E2B (or compatible) API key.

SWE_SANDBOX_METADATA_FILE / SLIME_AGENT_SANDBOX_METADATA_FILE

JSON dict of routing metadata passed at sandbox boot.

SWE_SANDBOX_IMAGE_METADATA_KEY / SLIME_AGENT_SANDBOX_IMAGE_METADATA_KEY

Which key in the metadata file holds the image reference (e.g. image).

SWE_HOST_NODE_TARBALL

Host path to Node 22 tarball uploaded into each sandbox.

SWE_HOST_CC_TARBALL

Host path to the Claude Code CLI npm tarball.

SWE_TIME_BUDGET_SEC

1800

Wallclock budget for one agent run.

SWE_EVAL_TIMEOUT_SEC

600

Wallclock cap on the evaluator sandbox.

SWE_BOOT_CONCURRENCY

6

Cap on simultaneous sandbox boots (eases h2/SSL long-tail).

SWE_CLAUDE_EXTRA_ARGS

(see launcher)

Extra flags appended to the claude CLI invocation — registers the read-only investigator sub-agent, disables WebFetch/WebSearch, disables slash commands.

SWE_CC_PROMPT

unset

Optional override for the user-turn prompt.

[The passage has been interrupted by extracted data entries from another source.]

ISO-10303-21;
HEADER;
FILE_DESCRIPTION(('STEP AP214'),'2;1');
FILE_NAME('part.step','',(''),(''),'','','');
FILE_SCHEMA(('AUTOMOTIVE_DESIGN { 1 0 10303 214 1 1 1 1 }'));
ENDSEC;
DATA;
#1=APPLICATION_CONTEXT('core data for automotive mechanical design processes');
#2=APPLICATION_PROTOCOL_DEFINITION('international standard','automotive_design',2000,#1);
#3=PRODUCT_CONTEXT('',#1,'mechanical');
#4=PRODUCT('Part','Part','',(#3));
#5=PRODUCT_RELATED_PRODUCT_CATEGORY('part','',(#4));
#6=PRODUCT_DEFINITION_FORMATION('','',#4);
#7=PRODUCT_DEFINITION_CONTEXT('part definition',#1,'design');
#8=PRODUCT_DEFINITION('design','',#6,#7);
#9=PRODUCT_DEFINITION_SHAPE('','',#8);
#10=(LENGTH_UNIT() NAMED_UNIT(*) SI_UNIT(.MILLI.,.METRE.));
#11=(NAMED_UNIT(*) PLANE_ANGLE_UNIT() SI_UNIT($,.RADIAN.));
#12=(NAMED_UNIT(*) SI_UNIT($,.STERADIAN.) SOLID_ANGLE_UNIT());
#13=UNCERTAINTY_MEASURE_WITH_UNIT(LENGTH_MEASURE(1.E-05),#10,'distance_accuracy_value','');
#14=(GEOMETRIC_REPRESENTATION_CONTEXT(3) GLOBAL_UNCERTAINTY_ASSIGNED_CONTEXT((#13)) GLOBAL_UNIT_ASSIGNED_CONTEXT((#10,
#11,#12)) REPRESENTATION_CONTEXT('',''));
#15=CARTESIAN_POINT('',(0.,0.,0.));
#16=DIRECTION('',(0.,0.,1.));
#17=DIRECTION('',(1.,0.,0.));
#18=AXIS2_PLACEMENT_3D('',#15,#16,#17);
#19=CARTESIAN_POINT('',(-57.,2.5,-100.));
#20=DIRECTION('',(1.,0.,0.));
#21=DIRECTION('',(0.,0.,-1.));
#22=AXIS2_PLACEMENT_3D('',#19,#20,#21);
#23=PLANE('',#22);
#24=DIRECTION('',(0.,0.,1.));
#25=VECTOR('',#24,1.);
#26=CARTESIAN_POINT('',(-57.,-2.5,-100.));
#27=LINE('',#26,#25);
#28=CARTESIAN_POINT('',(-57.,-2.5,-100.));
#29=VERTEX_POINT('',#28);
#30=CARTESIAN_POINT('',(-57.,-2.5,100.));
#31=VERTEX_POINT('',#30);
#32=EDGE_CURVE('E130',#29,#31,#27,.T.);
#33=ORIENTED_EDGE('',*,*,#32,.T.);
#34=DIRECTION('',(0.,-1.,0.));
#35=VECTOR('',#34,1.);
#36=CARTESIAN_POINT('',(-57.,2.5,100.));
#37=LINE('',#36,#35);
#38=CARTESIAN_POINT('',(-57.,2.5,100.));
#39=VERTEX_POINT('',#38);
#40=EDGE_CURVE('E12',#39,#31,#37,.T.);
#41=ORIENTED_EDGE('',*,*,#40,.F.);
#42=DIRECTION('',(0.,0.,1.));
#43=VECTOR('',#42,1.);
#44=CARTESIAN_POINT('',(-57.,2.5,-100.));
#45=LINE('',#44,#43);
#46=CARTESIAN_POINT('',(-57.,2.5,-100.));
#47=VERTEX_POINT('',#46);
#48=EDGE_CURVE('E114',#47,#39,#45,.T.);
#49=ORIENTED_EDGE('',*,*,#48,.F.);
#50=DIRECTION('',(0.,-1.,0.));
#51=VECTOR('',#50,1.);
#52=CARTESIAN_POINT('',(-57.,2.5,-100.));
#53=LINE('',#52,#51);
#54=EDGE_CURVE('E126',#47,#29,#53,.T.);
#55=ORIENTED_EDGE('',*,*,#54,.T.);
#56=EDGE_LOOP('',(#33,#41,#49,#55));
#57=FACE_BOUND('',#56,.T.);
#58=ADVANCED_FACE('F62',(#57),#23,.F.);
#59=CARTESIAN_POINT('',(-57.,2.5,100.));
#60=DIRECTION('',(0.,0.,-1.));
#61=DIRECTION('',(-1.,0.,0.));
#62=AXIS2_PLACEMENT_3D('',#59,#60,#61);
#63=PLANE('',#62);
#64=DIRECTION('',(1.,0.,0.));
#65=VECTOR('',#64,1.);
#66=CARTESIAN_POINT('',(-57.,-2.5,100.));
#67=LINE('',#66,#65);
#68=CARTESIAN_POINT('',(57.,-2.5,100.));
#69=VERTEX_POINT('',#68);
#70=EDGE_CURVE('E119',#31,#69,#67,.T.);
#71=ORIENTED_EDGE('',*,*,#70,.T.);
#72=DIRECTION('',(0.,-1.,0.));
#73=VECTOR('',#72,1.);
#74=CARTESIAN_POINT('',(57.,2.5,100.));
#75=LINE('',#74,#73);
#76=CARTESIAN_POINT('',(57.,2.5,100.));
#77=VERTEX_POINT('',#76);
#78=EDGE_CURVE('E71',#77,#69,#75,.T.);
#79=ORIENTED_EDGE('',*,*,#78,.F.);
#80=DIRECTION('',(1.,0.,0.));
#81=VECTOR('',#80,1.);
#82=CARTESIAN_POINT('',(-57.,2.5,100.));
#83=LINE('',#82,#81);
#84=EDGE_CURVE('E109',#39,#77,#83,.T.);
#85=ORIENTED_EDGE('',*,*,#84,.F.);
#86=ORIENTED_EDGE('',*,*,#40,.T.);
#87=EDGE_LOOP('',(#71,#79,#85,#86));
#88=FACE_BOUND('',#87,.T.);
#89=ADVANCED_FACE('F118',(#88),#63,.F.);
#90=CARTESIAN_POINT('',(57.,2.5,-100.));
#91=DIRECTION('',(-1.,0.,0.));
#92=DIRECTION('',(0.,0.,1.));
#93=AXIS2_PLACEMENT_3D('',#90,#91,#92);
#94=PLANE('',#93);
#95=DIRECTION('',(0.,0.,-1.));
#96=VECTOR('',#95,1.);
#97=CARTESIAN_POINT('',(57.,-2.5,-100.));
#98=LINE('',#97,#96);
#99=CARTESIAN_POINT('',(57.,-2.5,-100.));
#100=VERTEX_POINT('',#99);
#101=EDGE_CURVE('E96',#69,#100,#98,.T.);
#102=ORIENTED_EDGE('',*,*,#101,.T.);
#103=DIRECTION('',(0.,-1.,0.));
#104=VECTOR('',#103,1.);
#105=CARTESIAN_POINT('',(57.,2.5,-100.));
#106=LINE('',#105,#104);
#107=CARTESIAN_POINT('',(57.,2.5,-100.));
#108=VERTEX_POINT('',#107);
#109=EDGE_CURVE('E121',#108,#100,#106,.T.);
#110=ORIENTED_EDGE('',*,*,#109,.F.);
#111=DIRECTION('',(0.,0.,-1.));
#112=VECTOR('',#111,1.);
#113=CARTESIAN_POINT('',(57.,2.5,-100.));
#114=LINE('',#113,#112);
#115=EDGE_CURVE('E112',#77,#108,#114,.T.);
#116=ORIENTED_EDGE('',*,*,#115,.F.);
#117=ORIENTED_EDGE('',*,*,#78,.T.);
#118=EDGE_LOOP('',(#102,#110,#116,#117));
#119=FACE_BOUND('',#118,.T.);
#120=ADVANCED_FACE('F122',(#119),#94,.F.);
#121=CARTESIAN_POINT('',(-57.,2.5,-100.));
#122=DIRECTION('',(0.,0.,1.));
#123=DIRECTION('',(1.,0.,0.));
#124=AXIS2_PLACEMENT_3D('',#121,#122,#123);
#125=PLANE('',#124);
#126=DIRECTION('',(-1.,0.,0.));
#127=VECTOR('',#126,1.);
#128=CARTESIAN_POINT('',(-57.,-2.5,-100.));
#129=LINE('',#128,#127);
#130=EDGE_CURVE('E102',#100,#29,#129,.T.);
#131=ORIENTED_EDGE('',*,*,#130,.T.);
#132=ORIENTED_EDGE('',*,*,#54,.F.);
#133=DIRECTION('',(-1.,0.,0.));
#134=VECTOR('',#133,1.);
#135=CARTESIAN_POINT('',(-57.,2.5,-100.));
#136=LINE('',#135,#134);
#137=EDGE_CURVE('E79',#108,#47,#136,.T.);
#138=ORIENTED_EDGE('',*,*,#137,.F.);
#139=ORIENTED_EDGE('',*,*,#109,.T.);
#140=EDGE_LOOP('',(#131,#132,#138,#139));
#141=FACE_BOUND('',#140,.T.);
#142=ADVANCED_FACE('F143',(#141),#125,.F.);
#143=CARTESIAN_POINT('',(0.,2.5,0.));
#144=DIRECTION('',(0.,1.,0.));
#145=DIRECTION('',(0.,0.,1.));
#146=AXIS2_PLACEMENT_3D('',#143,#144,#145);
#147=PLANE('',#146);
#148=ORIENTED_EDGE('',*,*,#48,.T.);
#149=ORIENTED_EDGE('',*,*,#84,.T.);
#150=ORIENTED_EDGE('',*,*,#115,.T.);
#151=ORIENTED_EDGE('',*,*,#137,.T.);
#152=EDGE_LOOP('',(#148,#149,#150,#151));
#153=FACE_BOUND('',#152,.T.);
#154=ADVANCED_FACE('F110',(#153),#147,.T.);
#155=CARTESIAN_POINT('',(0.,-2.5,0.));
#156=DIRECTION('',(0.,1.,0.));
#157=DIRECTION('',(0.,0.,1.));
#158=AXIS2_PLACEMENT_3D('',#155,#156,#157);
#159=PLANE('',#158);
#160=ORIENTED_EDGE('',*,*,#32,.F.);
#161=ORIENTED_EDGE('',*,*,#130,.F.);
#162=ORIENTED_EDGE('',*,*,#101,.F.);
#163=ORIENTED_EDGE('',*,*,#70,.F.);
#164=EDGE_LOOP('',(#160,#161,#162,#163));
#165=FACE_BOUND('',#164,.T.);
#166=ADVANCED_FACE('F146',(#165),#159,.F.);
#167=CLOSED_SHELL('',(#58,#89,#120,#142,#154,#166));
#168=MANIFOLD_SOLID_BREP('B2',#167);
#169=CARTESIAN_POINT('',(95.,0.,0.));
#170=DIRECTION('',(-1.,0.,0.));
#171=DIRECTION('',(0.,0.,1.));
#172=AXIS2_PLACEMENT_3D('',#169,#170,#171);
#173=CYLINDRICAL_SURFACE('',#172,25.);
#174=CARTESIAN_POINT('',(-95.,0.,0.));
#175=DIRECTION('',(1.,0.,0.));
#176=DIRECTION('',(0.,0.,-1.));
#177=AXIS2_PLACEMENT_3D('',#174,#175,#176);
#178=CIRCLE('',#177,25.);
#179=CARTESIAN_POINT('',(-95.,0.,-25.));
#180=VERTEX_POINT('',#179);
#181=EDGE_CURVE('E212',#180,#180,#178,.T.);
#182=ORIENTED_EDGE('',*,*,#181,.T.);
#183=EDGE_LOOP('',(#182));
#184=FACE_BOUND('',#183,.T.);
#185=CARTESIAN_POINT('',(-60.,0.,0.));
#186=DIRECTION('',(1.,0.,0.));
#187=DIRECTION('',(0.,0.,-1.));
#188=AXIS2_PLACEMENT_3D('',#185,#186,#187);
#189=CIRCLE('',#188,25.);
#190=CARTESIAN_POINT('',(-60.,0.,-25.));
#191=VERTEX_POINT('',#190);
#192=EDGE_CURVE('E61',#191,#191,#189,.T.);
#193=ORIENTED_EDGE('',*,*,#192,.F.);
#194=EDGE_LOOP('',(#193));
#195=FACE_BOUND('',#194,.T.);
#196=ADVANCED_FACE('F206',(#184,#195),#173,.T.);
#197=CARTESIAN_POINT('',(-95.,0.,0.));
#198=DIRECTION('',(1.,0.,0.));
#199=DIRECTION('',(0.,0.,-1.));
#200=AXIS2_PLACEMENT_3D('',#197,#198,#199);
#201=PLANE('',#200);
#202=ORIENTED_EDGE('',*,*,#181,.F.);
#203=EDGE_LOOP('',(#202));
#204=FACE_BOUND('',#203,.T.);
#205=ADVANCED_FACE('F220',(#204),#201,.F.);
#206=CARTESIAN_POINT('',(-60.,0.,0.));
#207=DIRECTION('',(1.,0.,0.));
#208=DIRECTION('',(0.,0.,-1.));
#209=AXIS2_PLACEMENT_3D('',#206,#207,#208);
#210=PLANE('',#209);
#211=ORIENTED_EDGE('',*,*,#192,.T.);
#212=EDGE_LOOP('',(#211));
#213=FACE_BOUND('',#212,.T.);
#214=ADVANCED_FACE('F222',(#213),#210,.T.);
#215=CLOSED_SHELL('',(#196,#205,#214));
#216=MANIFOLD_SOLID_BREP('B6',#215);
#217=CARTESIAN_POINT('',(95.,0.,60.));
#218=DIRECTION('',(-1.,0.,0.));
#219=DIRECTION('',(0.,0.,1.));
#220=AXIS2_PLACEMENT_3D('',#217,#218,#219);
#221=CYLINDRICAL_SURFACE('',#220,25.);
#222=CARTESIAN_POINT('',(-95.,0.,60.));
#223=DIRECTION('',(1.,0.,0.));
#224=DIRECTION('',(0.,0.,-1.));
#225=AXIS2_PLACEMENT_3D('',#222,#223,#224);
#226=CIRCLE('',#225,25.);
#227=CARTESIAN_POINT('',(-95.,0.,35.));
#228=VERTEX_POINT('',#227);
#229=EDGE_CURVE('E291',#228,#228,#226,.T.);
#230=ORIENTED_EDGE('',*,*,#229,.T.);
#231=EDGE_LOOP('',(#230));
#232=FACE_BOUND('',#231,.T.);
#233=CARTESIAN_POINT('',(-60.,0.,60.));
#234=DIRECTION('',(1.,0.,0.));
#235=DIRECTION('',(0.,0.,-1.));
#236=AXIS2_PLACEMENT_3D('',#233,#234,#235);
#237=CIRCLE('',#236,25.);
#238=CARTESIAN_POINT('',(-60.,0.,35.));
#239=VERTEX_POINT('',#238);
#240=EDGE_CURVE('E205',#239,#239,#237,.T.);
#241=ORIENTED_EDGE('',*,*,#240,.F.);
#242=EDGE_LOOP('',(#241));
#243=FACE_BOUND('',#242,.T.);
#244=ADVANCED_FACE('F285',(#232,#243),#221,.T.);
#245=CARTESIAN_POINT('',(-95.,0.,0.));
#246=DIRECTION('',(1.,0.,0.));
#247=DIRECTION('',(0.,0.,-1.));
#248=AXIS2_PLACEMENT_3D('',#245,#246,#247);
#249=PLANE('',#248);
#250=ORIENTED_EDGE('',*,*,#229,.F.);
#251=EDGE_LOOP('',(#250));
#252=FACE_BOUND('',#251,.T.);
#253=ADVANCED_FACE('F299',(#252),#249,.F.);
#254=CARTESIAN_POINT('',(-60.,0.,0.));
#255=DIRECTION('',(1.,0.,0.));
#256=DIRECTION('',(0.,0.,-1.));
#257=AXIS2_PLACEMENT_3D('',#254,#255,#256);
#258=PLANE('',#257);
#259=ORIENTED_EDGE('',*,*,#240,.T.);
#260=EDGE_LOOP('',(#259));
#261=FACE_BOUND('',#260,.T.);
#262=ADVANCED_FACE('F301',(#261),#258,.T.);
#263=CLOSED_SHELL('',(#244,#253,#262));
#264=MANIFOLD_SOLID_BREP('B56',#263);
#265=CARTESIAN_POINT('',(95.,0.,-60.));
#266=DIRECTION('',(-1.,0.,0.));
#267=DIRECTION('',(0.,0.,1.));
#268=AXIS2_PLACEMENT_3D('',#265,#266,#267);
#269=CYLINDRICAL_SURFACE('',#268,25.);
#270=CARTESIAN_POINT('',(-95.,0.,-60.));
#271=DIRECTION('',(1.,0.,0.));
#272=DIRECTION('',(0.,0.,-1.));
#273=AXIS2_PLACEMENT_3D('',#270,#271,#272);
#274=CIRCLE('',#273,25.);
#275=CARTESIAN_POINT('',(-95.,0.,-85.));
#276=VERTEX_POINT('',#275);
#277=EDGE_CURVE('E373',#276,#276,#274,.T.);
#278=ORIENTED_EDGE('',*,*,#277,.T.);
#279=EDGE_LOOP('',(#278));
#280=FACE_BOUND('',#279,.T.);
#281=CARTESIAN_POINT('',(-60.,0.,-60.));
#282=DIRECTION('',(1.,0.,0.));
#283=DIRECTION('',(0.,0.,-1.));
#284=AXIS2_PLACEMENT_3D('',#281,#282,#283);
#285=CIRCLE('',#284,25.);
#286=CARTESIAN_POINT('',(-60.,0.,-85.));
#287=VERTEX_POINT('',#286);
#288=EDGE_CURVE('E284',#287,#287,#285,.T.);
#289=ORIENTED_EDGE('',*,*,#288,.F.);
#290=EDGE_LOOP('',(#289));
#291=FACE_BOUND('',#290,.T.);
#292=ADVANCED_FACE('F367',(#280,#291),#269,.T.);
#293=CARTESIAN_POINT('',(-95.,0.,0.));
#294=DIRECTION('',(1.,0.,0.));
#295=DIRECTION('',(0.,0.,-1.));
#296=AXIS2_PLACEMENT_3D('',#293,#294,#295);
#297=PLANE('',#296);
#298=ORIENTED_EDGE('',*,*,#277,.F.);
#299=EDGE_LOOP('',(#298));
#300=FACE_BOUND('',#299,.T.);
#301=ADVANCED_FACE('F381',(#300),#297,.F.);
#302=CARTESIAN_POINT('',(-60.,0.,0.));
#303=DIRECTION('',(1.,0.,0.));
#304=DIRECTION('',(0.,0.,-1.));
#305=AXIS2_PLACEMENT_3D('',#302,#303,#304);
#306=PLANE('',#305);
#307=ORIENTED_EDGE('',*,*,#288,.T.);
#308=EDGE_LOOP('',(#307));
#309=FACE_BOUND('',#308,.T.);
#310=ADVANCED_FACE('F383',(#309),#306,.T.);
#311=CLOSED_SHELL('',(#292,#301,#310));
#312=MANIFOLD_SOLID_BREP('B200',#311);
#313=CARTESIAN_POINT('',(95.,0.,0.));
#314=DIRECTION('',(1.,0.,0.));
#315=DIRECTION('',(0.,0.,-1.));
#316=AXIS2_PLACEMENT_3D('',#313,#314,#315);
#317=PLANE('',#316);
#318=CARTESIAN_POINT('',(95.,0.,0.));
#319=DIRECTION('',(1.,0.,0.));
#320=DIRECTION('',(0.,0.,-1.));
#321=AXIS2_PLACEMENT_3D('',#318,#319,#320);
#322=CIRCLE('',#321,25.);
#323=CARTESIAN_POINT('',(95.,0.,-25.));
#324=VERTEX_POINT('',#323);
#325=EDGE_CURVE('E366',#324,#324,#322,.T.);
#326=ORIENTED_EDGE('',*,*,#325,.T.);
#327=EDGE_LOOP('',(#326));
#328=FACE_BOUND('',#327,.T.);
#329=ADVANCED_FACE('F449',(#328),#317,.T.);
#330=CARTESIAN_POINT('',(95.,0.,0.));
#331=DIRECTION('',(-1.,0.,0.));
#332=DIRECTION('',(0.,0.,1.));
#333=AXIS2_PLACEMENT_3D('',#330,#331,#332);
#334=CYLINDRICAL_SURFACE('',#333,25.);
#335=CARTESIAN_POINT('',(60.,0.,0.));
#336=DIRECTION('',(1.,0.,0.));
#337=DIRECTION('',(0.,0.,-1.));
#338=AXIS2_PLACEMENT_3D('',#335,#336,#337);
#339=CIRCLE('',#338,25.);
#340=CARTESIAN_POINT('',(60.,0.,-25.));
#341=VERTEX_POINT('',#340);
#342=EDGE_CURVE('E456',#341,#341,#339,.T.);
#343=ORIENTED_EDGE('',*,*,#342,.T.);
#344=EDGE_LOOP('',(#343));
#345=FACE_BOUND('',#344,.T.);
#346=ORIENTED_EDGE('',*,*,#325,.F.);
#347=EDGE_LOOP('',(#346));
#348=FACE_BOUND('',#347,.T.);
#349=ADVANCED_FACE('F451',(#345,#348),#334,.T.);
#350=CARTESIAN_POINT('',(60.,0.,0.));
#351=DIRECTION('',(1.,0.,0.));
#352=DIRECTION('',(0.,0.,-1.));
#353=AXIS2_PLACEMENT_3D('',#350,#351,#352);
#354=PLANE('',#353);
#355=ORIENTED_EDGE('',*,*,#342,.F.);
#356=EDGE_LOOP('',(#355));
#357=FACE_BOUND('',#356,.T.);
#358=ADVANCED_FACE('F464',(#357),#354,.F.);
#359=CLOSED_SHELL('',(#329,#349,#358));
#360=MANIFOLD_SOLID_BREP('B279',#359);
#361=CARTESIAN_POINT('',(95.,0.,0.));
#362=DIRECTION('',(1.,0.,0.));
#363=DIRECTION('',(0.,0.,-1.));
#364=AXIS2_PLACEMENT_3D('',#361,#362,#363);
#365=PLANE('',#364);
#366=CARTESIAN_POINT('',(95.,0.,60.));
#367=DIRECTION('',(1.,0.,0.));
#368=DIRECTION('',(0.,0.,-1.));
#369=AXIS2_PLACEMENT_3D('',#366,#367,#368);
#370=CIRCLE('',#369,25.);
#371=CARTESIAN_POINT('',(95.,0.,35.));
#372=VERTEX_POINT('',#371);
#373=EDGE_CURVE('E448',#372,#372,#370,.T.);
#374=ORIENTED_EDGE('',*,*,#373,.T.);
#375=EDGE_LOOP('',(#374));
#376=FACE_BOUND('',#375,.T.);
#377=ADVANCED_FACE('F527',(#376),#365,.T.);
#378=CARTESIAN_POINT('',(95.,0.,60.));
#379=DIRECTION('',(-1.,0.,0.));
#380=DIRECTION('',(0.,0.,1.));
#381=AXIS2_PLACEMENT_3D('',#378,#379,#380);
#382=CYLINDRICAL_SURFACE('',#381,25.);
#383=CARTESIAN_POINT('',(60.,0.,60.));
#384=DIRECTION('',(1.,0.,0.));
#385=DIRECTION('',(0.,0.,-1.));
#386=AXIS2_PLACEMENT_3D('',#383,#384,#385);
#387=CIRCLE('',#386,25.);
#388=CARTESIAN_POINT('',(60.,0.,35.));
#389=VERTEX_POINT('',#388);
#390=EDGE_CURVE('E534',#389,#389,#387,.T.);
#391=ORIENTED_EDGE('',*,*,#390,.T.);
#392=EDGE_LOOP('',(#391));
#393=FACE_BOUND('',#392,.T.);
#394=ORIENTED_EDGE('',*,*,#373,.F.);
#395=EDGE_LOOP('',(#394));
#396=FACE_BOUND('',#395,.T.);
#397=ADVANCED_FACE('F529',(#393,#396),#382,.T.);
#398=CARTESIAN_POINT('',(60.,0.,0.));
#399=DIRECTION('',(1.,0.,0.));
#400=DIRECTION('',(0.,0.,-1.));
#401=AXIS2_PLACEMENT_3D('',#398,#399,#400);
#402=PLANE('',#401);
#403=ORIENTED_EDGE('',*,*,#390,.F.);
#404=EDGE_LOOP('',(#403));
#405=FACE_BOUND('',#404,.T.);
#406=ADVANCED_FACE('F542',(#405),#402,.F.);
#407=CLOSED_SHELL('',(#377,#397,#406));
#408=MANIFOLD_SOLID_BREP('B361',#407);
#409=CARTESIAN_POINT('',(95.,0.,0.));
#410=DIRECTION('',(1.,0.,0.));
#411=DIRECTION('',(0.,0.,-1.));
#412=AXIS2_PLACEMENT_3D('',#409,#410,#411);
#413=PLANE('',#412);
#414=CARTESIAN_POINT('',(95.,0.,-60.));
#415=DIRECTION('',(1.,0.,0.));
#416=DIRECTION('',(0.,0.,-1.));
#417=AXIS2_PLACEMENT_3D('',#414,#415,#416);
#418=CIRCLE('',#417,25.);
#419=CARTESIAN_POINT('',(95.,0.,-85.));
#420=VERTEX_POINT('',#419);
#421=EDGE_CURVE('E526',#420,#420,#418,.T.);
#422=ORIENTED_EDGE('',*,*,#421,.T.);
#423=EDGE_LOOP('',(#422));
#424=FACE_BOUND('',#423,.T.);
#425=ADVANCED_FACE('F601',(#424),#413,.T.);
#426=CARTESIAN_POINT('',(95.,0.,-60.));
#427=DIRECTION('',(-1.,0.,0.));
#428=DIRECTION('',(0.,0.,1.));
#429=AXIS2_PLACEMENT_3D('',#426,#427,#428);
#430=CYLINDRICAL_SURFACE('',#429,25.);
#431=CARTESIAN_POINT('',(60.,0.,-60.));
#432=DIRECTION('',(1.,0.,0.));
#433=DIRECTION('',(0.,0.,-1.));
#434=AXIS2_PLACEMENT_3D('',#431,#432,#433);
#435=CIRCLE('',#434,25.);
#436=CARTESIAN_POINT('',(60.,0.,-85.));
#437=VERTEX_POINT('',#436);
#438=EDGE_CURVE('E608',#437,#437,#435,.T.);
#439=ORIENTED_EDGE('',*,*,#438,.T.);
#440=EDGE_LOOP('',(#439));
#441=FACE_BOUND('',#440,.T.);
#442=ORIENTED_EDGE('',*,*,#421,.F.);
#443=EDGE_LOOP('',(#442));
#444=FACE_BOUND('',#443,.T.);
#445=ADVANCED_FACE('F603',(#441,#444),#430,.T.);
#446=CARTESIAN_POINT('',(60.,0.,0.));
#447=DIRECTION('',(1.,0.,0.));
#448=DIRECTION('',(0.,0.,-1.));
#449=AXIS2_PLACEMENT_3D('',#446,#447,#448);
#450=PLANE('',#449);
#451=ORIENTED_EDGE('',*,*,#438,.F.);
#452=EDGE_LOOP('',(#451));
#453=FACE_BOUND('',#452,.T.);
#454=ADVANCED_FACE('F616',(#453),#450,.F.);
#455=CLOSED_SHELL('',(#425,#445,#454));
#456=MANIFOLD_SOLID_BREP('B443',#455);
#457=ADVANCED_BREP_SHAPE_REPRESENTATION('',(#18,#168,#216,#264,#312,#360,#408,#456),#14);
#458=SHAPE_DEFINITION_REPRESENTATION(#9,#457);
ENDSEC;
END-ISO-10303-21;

Setting this to require sub-agent dispatch is the most reliable way to maximize fan-out.

--rollout-max-response-len is the per-turn generation cap passed to each SGLang /generate call as max_new_tokens. --rollout-max-context-len is the multi-turn prompt+response budget: each turn clamps max_new_tokens to the remaining context, and oversized emitted segments are dropped before training. The middleware reuses --sglang-tool-call-parser and --sglang-reasoning-parser for output parsing, so those flags must match the served model.

Fan-out Semantics#

  • generate() returns list[Sample] — one Sample per trajectory segment (subagent / wipe / final).

  • Per-trajectory reward is split as reward / K across segments; rollout_id is shared so the per-rollout-mean loss reducer still counts the trajectory once.

  • Sub-agent dispatch increases K (each completed Agent turn block becomes its own segment), so the effective batch after flatten can be much larger than rollout_batch_size * n_samples_per_prompt.

Porting to a New Sandbox Backend#

slime.agent.sandbox.Sandbox exposes the shared sandbox contract, and slime.agent.sandbox.E2BSandbox is the E2B implementation:

await sb.exec(cmd, user=..., check=..., timeout=...)
await sb.write_file(sandbox_path, content_or_host_path, user=...)
await sb.read_file(sandbox_path, user=...)
async with E2BSandbox(...) as sb: ...

Reimplement those on Docker / Modal / a local VM and everything in generate.py and middleware.py keeps working unchanged.